Exercise goal:
Your task is to give the number of lines in the listing that include "unit", and nothing else.

Records provided:
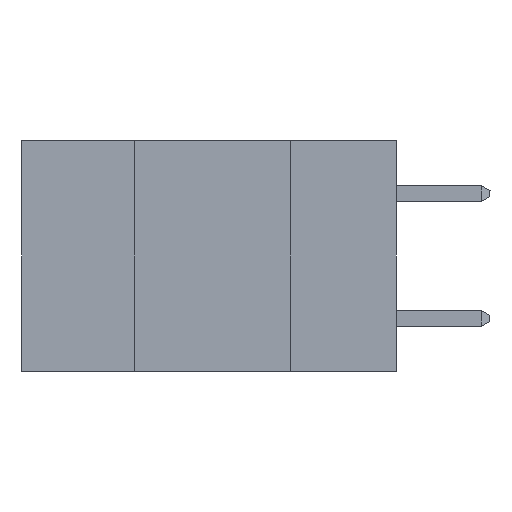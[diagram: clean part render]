
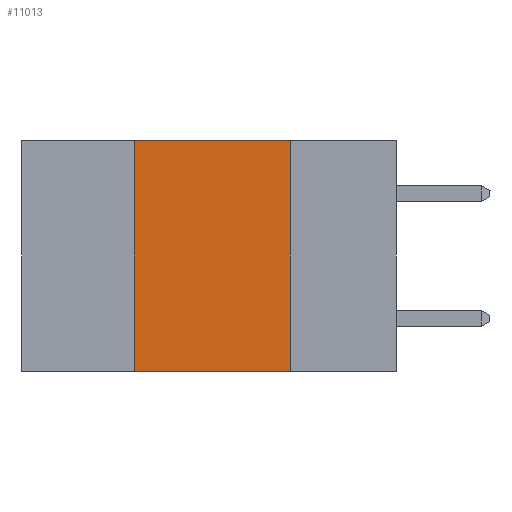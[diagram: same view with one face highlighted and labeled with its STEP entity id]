
A CAD part, left-side view. The second image highlights one B-rep face of the part: STEP entity #11013.
In plain terms, the highlighted planar face has unit normal (-1, 0, 0).
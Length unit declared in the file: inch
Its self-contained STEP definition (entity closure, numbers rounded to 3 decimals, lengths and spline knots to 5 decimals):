
#1648 = ORIENTED_EDGE ( 'NONE', *, *, #12779, .F. ) ;
#3150 = CARTESIAN_POINT ( 'NONE',  ( 0., 0.42, 0. ) ) ;
#4323 = VECTOR ( 'NONE', #24695, 39.37008 ) ;
#5111 = ORIENTED_EDGE ( 'NONE', *, *, #29473, .T. ) ;
#5336 = VERTEX_POINT ( 'NONE', #27675 ) ;
#9018 = ORIENTED_EDGE ( 'NONE', *, *, #17388, .F. ) ;
#9480 = CARTESIAN_POINT ( 'NONE',  ( 0., 0.17, 0. ) ) ;
#11013 = ADVANCED_FACE ( 'NONE', ( #12055 ), #29661, .F. ) ;
#12055 = FACE_OUTER_BOUND ( 'NONE', #13862, .T. ) ;
#12190 = LINE ( 'NONE', #25559, #17780 ) ;
#12604 = EDGE_CURVE ( 'NONE', #26500, #20717, #17170, .T. ) ;
#12779 = EDGE_CURVE ( 'NONE', #20717, #17429, #29917, .T. ) ;
#13503 = VECTOR ( 'NONE', #21260, 39.37008 ) ;
#13862 = EDGE_LOOP ( 'NONE', ( #9018, #1648, #20357, #5111 ) ) ;
#14256 = LINE ( 'NONE', #30453, #13503 ) ;
#15993 = DIRECTION ( 'NONE',  ( 0., -1., 0. ) ) ;
#17170 = LINE ( 'NONE', #3150, #4323 ) ;
#17388 = EDGE_CURVE ( 'NONE', #17429, #5336, #14256, .T. ) ;
#17429 = VERTEX_POINT ( 'NONE', #9480 ) ;
#17780 = VECTOR ( 'NONE', #27886, 39.37008 ) ;
#20357 = ORIENTED_EDGE ( 'NONE', *, *, #12604, .F. ) ;
#20634 = CARTESIAN_POINT ( 'NONE',  ( 0., 0.6, 0. ) ) ;
#20717 = VERTEX_POINT ( 'NONE', #28951 ) ;
#21260 = DIRECTION ( 'NONE',  ( 0., 0., -1. ) ) ;
#23751 = VECTOR ( 'NONE', #15993, 39.37008 ) ;
#23876 = CARTESIAN_POINT ( 'NONE',  ( 0., 0.42, -0.37 ) ) ;
#23901 = CARTESIAN_POINT ( 'NONE',  ( 0., 0.6, 0. ) ) ;
#24695 = DIRECTION ( 'NONE',  ( 0., 0., 1. ) ) ;
#25143 = AXIS2_PLACEMENT_3D ( 'NONE', #23901, #25492, #25389 ) ;
#25389 = DIRECTION ( 'NONE',  ( 0., 0., -1. ) ) ;
#25492 = DIRECTION ( 'NONE',  ( 1., 0., 0. ) ) ;
#25559 = CARTESIAN_POINT ( 'NONE',  ( 0., 0.6, -0.37 ) ) ;
#26500 = VERTEX_POINT ( 'NONE', #23876 ) ;
#27675 = CARTESIAN_POINT ( 'NONE',  ( 0., 0.17, -0.37 ) ) ;
#27886 = DIRECTION ( 'NONE',  ( 0., -1., 0. ) ) ;
#28951 = CARTESIAN_POINT ( 'NONE',  ( 0., 0.42, 0. ) ) ;
#29473 = EDGE_CURVE ( 'NONE', #26500, #5336, #12190, .T. ) ;
#29661 = PLANE ( 'NONE',  #25143 ) ;
#29917 = LINE ( 'NONE', #20634, #23751 ) ;
#30453 = CARTESIAN_POINT ( 'NONE',  ( 0., 0.17, 0. ) ) ;

Answer space:
2